South African insurance giant Sanlam Limited has announced plans to acquire a 60% stake in NMS Insurance Services (NMSIS), the insurance subsidiary of pay TV operator MultiChoice Group, for R1.2 billion.

This strategic acquisition aims to enhance Sanlam’s footprint in the African insurance market and leverage MultiChoice’s extensive subscriber base across the continent.

In a joint statement released on Tuesday, both companies revealed that the deal includes a long-term commercial arrangement designed to expand insurance and related financial services to MultiChoice’s diverse audience.

The transaction also features a performance-based cash earn-out potential of up to R1.5 billion, contingent upon the gross written premium generated by NMSIS by the end of 2026.

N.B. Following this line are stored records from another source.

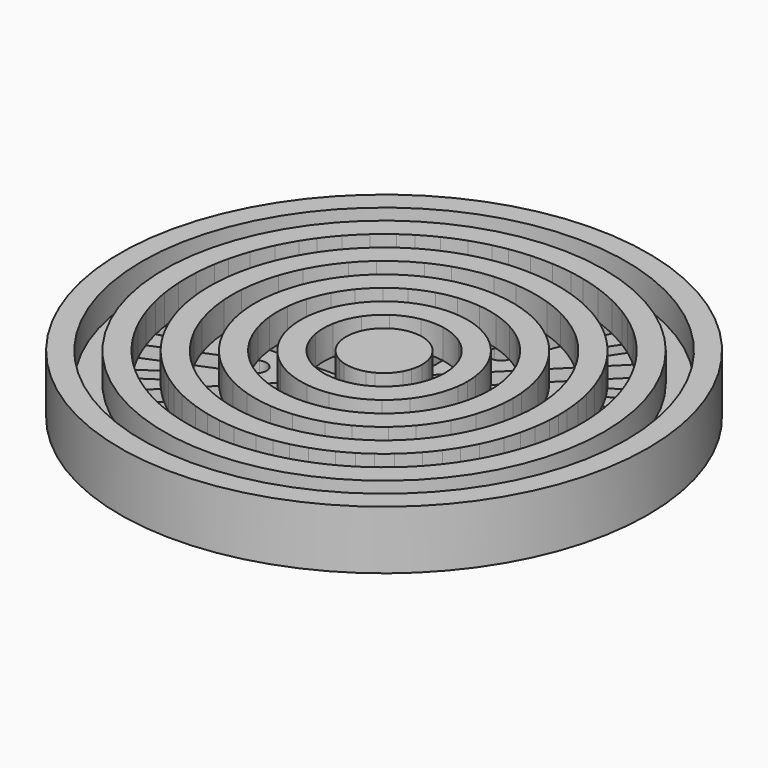
from build123d import *

# Parameters (mm, degrees)
F0_R     = 36
F1_DEPTH = 4
F2_R     = 36
F2_R_2   = 33
F2_R_3   = 30
F3_DEPTH = 4


with BuildPart() as f1:
    # F0 (on Top) → F1 (new body)
    with BuildSketch(Plane.XY):
        Circle(F0_R)
        with BuildLine():
            Line((-11.6688606306, -19.2636365098), (-14.4467117957, -23.4209845713))
            ThreePointArc((-14.4467117957, -23.4209845713), (-15.8337516411, -23.6968839506), (-16.1096510203, -22.3098441053))
            Line((-16.1096510203, -22.3098441053), (-13.3317998552, -18.1524960438))
            ThreePointArc((-13.3317998552, -18.1524960438), (-11.9447600099, -17.8765966645), (-11.6688606306, -19.2636365098))
        make_face(mode=Mode.SUBTRACT)
        with BuildLine():
            Line((-3.408746965, -22.2627591311), (-4.384198575, -27.1666855331))
            ThreePointArc((-4.384198575, -27.1666855331), (-5.5600741775, -27.9523804915), (-6.3457691358, -26.7765048891))
            Line((-6.3457691358, -26.7765048891), (-5.3703175258, -21.8725784871))
            ThreePointArc((-5.3703175258, -21.8725784871), (-4.1944419233, -21.0868835287), (-3.408746965, -22.2627591311))
        make_face(mode=Mode.SUBTRACT)
        with BuildLine():
            ThreePointArc((-6.83905821, -12.5912581897), (-4.8792137627, -11.7794640395), (-4.0674196124, -13.7393084868))
            Line((-4.0674196124, -13.7393084868), (-9.4249876655, -26.673621942))
            ThreePointArc((-9.4249876655, -26.673621942), (-11.3848321129, -27.4854160922), (-12.1966262631, -25.5255716449))
            Line((-12.1966262631, -25.5255716449), (-6.83905821, -12.5912581897))
        make_face(mode=Mode.SUBTRACT)
        with BuildLine():
            Line((-18.1524960438, -13.3317998552), (-22.3098441053, -16.1096510203))
            ThreePointArc((-22.3098441053, -16.1096510203), (-23.6968839506, -15.8337516411), (-23.4209845713, -14.4467117957))
            Line((-23.4209845713, -14.4467117957), (-19.2636365098, -11.6688606306))
            ThreePointArc((-19.2636365098, -11.6688606306), (-17.8765966645, -11.9447600099), (-18.1524960438, -13.3317998552))
        make_face(mode=Mode.SUBTRACT)
        with BuildLine():
            Line((-21.8725784871, -5.3703175258), (-26.7765048891, -6.3457691358))
            ThreePointArc((-26.7765048891, -6.3457691358), (-27.9523804915, -5.5600741775), (-27.1666855331, -4.384198575))
            Line((-27.1666855331, -4.384198575), (-22.2627591311, -3.408746965))
            ThreePointArc((-22.2627591311, -3.408746965), (-21.0868835287, -4.1944419233), (-21.8725784871, -5.3703175258))
        make_face(mode=Mode.SUBTRACT)
        with BuildLine():
            ThreePointArc((-13.7393084868, -4.0674196124), (-11.7794640395, -4.8792137627), (-12.5912581897, -6.83905821))
            Line((-12.5912581897, -6.83905821), (-25.5255716449, -12.1966262631))
            ThreePointArc((-25.5255716449, -12.1966262631), (-27.4854160922, -11.3848321129), (-26.673621942, -9.4249876655))
            Line((-26.673621942, -9.4249876655), (-13.7393084868, -4.0674196124))
        make_face(mode=Mode.SUBTRACT)
        with BuildLine():
            Line((5.3703175258, -21.8725784871), (6.3457691358, -26.7765048891))
            ThreePointArc((6.3457691358, -26.7765048891), (5.5600741775, -27.9523804915), (4.384198575, -27.1666855331))
            Line((4.384198575, -27.1666855331), (3.408746965, -22.2627591311))
            ThreePointArc((3.408746965, -22.2627591311), (4.1944419233, -21.0868835287), (5.3703175258, -21.8725784871))
        make_face(mode=Mode.SUBTRACT)
        with BuildLine():
            ThreePointArc((4.0674196124, -13.7393084868), (4.8792137627, -11.7794640395), (6.83905821, -12.5912581897))
            Line((6.83905821, -12.5912581897), (12.1966262631, -25.5255716449))
            ThreePointArc((12.1966262631, -25.5255716449), (11.3848321129, -27.4854160922), (9.4249876655, -26.673621942))
            Line((9.4249876655, -26.673621942), (4.0674196124, -13.7393084868))
        make_face(mode=Mode.SUBTRACT)
        with BuildLine():
            Line((13.3317998552, -18.1524960438), (16.1096510203, -22.3098441053))
            ThreePointArc((16.1096510203, -22.3098441053), (15.8337516411, -23.6968839506), (14.4467117957, -23.4209845713))
            Line((14.4467117957, -23.4209845713), (11.6688606306, -19.2636365098))
            ThreePointArc((11.6688606306, -19.2636365098), (11.9447600099, -17.8765966645), (13.3317998552, -18.1524960438))
        make_face(mode=Mode.SUBTRACT)
        with BuildLine():
            Line((19.2636365098, -11.6688606306), (23.4209845713, -14.4467117957))
            ThreePointArc((23.4209845713, -14.4467117957), (23.6968839506, -15.8337516411), (22.3098441053, -16.1096510203))
            Line((22.3098441053, -16.1096510203), (18.1524960438, -13.3317998552))
            ThreePointArc((18.1524960438, -13.3317998552), (17.8765966645, -11.9447600099), (19.2636365098, -11.6688606306))
        make_face(mode=Mode.SUBTRACT)
        with BuildLine():
            ThreePointArc((12.5912581897, -6.83905821), (11.7794640395, -4.8792137627), (13.7393084868, -4.0674196124))
            Line((13.7393084868, -4.0674196124), (26.673621942, -9.4249876655))
            ThreePointArc((26.673621942, -9.4249876655), (27.4854160922, -11.3848321129), (25.5255716449, -12.1966262631))
            Line((25.5255716449, -12.1966262631), (12.5912581897, -6.83905821))
        make_face(mode=Mode.SUBTRACT)
        with BuildLine():
            Line((22.2627591311, -3.408746965), (27.1666855331, -4.384198575))
            ThreePointArc((27.1666855331, -4.384198575), (27.9523804915, -5.5600741775), (26.7765048891, -6.3457691358))
            Line((26.7765048891, -6.3457691358), (21.8725784871, -5.3703175258))
            ThreePointArc((21.8725784871, -5.3703175258), (21.0868835287, -4.1944419233), (22.2627591311, -3.408746965))
        make_face(mode=Mode.SUBTRACT)
        with BuildLine():
            Line((-22.2627591311, 3.408746965), (-27.1666855331, 4.384198575))
            ThreePointArc((-27.1666855331, 4.384198575), (-27.9523804915, 5.5600741775), (-26.7765048891, 6.3457691358))
            Line((-26.7765048891, 6.3457691358), (-21.8725784871, 5.3703175258))
            ThreePointArc((-21.8725784871, 5.3703175258), (-21.0868835287, 4.1944419233), (-22.2627591311, 3.408746965))
        make_face(mode=Mode.SUBTRACT)
        with BuildLine():
            ThreePointArc((-12.5912581897, 6.83905821), (-11.7794640395, 4.8792137627), (-13.7393084868, 4.0674196124))
            Line((-13.7393084868, 4.0674196124), (-26.673621942, 9.4249876655))
            ThreePointArc((-26.673621942, 9.4249876655), (-27.4854160922, 11.3848321129), (-25.5255716449, 12.1966262631))
            Line((-25.5255716449, 12.1966262631), (-12.5912581897, 6.83905821))
        make_face(mode=Mode.SUBTRACT)
        with BuildLine():
            Line((-19.2636365098, 11.6688606306), (-23.4209845713, 14.4467117957))
            ThreePointArc((-23.4209845713, 14.4467117957), (-23.6968839506, 15.8337516411), (-22.3098441053, 16.1096510203))
            Line((-22.3098441053, 16.1096510203), (-18.1524960438, 13.3317998552))
            ThreePointArc((-18.1524960438, 13.3317998552), (-17.8765966645, 11.9447600099), (-19.2636365098, 11.6688606306))
        make_face(mode=Mode.SUBTRACT)
        with BuildLine():
            Line((-13.3317998552, 18.1524960438), (-16.1096510203, 22.3098441053))
            ThreePointArc((-16.1096510203, 22.3098441053), (-15.8337516411, 23.6968839506), (-14.4467117957, 23.4209845713))
            Line((-14.4467117957, 23.4209845713), (-11.6688606306, 19.2636365098))
            ThreePointArc((-11.6688606306, 19.2636365098), (-11.9447600099, 17.8765966645), (-13.3317998552, 18.1524960438))
        make_face(mode=Mode.SUBTRACT)
        with BuildLine():
            ThreePointArc((-4.0674196124, 13.7393084868), (-4.8792137627, 11.7794640395), (-6.83905821, 12.5912581897))
            Line((-6.83905821, 12.5912581897), (-12.1966262631, 25.5255716449))
            ThreePointArc((-12.1966262631, 25.5255716449), (-11.3848321129, 27.4854160922), (-9.4249876655, 26.673621942))
            Line((-9.4249876655, 26.673621942), (-4.0674196124, 13.7393084868))
        make_face(mode=Mode.SUBTRACT)
        with BuildLine():
            Line((-5.3703175258, 21.8725784871), (-6.3457691358, 26.7765048891))
            ThreePointArc((-6.3457691358, 26.7765048891), (-5.5600741775, 27.9523804915), (-4.384198575, 27.1666855331))
            Line((-4.384198575, 27.1666855331), (-3.408746965, 22.2627591311))
            ThreePointArc((-3.408746965, 22.2627591311), (-4.1944419233, 21.0868835287), (-5.3703175258, 21.8725784871))
        make_face(mode=Mode.SUBTRACT)
        with BuildLine():
            Line((-1.5, 3.6213203436), (-1.5, 27.5))
            ThreePointArc((-1.5, 27.5), (0, 29), (1.5, 27.5))
            Line((1.5, 27.5), (1.5, 3.6213203436))
            Line((1.5, 3.6213203436), (18.3847763109, 20.5060966544))
            ThreePointArc((18.3847763109, 20.5060966544), (20.5060966544, 20.5060966544), (20.5060966544, 18.3847763109))
            Line((20.5060966544, 18.3847763109), (3.6213203436, 1.5))
            Line((3.6213203436, 1.5), (27.5, 1.5))
            ThreePointArc((27.5, 1.5), (29, 0), (27.5, -1.5))
            Line((27.5, -1.5), (3.6213203436, -1.5))
            Line((3.6213203436, -1.5), (20.5060966544, -18.3847763109))
            ThreePointArc((20.5060966544, -18.3847763109), (20.5060966544, -20.5060966544), (18.3847763109, -20.5060966544))
            Line((18.3847763109, -20.5060966544), (1.5, -3.6213203436))
            Line((1.5, -3.6213203436), (1.5, -27.5))
            ThreePointArc((1.5, -27.5), (0, -29), (-1.5, -27.5))
            Line((-1.5, -27.5), (-1.5, -3.6213203436))
            Line((-1.5, -3.6213203436), (-18.3847763109, -20.5060966544))
            ThreePointArc((-18.3847763109, -20.5060966544), (-20.5060966544, -20.5060966544), (-20.5060966544, -18.3847763109))
            Line((-20.5060966544, -18.3847763109), (-3.6213203436, -1.5))
            Line((-3.6213203436, -1.5), (-27.5, -1.5))
            ThreePointArc((-27.5, -1.5), (-29, 0), (-27.5, 1.5))
            Line((-27.5, 1.5), (-3.6213203436, 1.5))
            Line((-3.6213203436, 1.5), (-20.5060966544, 18.3847763109))
            ThreePointArc((-20.5060966544, 18.3847763109), (-20.5060966544, 20.5060966544), (-18.3847763109, 20.5060966544))
            Line((-18.3847763109, 20.5060966544), (-1.5, 3.6213203436))
        make_face(mode=Mode.SUBTRACT)
        with BuildLine():
            ThreePointArc((13.7393084868, 4.0674196124), (11.7794640395, 4.8792137627), (12.5912581897, 6.83905821))
            Line((12.5912581897, 6.83905821), (25.5255716449, 12.1966262631))
            ThreePointArc((25.5255716449, 12.1966262631), (27.4854160922, 11.3848321129), (26.673621942, 9.4249876655))
            Line((26.673621942, 9.4249876655), (13.7393084868, 4.0674196124))
        make_face(mode=Mode.SUBTRACT)
        with BuildLine():
            Line((21.8725784871, 5.3703175258), (26.7765048891, 6.3457691358))
            ThreePointArc((26.7765048891, 6.3457691358), (27.9523804915, 5.5600741775), (27.1666855331, 4.384198575))
            Line((27.1666855331, 4.384198575), (22.2627591311, 3.408746965))
            ThreePointArc((22.2627591311, 3.408746965), (21.0868835287, 4.1944419233), (21.8725784871, 5.3703175258))
        make_face(mode=Mode.SUBTRACT)
        with BuildLine():
            Line((18.1524960438, 13.3317998552), (22.3098441053, 16.1096510203))
            ThreePointArc((22.3098441053, 16.1096510203), (23.6968839506, 15.8337516411), (23.4209845713, 14.4467117957))
            Line((23.4209845713, 14.4467117957), (19.2636365098, 11.6688606306))
            ThreePointArc((19.2636365098, 11.6688606306), (17.8765966645, 11.9447600099), (18.1524960438, 13.3317998552))
        make_face(mode=Mode.SUBTRACT)
        with BuildLine():
            Line((12.1966262631, 25.5255716449), (6.83905821, 12.5912581897))
            ThreePointArc((6.83905821, 12.5912581897), (4.8792137627, 11.7794640395), (4.0674196124, 13.7393084868))
            Line((4.0674196124, 13.7393084868), (9.4249876655, 26.673621942))
            ThreePointArc((9.4249876655, 26.673621942), (11.3848321129, 27.4854160922), (12.1966262631, 25.5255716449))
        make_face(mode=Mode.SUBTRACT)
        with BuildLine():
            Line((3.408746965, 22.2627591311), (4.384198575, 27.1666855331))
            ThreePointArc((4.384198575, 27.1666855331), (5.5600741775, 27.9523804915), (6.3457691358, 26.7765048891))
            Line((6.3457691358, 26.7765048891), (5.3703175258, 21.8725784871))
            ThreePointArc((5.3703175258, 21.8725784871), (4.1944419233, 21.0868835287), (3.408746965, 22.2627591311))
        make_face(mode=Mode.SUBTRACT)
        with BuildLine():
            Line((11.6688606306, 19.2636365098), (14.4467117957, 23.4209845713))
            ThreePointArc((14.4467117957, 23.4209845713), (15.8337516411, 23.6968839506), (16.1096510203, 22.3098441053))
            Line((16.1096510203, 22.3098441053), (13.3317998552, 18.1524960438))
            ThreePointArc((13.3317998552, 18.1524960438), (11.9447600099, 17.8765966645), (11.6688606306, 19.2636365098))
        make_face(mode=Mode.SUBTRACT)
    extrude(amount=F1_DEPTH)

    # F2 (on face) → F3 (join)
    with BuildSketch(Plane.XY.offset(4)):
        Circle(F2_R)
        Circle(F2_R_2, mode=Mode.SUBTRACT)
        Circle(F2_R_3)
        with BuildLine():
            ThreePointArc((26.5565934946, 4.2628437233), (26.7413478903, 2.8852742779), (26.8546922278, 1.5))
            Line((26.8546922278, 1.5), (27.5, 1.5))
            ThreePointArc((27.5, 1.5), (29, 0), (27.5, -1.5))
            Line((27.5, -1.5), (26.8546922278, -1.5))
            ThreePointArc((26.8546922278, -1.5), (26.7413478903, -2.8852742779), (26.5565934946, -4.2628437233))
            Line((26.5565934946, -4.2628437233), (27.1666855331, -4.384198575))
            ThreePointArc((27.1666855331, -4.384198575), (27.9523804915, -5.5600741775), (26.7765048891, -6.3457691358))
            Line((26.7765048891, -6.3457691358), (26.1664128506, -6.2244142842))
            ThreePointArc((26.1664128506, -6.2244142842), (25.8099306516, -7.5678249457), (25.3845256497, -8.8910264981))
            Line((25.3845256497, -8.8910264981), (26.673621942, -9.4249876655))
            ThreePointArc((26.673621942, -9.4249876655), (27.4854160922, -11.3848321129), (25.5255716449, -12.1966262631))
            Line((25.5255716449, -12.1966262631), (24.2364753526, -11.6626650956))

Paul Hanratty, CEO of Sanlam Group, expressed optimism about the acquisition, stating, “This partnership provides a unique opportunity to combine our market presence and technological capabilities, fostering growth and market penetration while creating synergies beneficial to all stakeholders.”

Calvo Mawela, CEO of MultiChoice, highlighted the strategic significance of the collaboration, noting, “This deal not only enhances the value we provide to our subscribers but also taps into Sanlam’s expertise to drive innovation and growth in our insurance offerings across Africa. It’s a testament to the hard work and dedication of our teams.”

NMSIS has shown impressive growth, with gross written premiums increasing by 36% year-on-year and profit after tax rising by 51% in the first quarter of 2024.

MultiChoice plans to use the proceeds from the sale for working capital while retaining a 40% interest in NMSIS.

The move comes as MultiChoice faces economic challenges, including a 13% drop in subscribers in key markets such as Nigeria, Angola, Kenya, and Zambia due to economic hardships and currency devaluations.

Despite these setbacks, the partnership with Sanlam is seen as a strategic step to bolster its financial services offerings and stabilize revenue streams.

The announcement also follows recent regulatory developments, with MultiChoice entering a Cooperation Agreement with Groupe Canal+ SA after Canal+ acquired a 45.20% stake in MultiChoice, necessitating a mandatory offer under South African takeover regulations.

As the African insurance market continues to grow, Sanlam’s acquisition of a significant stake in NMSIS positions both companies to capitalize on emerging opportunities, providing innovative insurance solutions to millions of customers across the continent.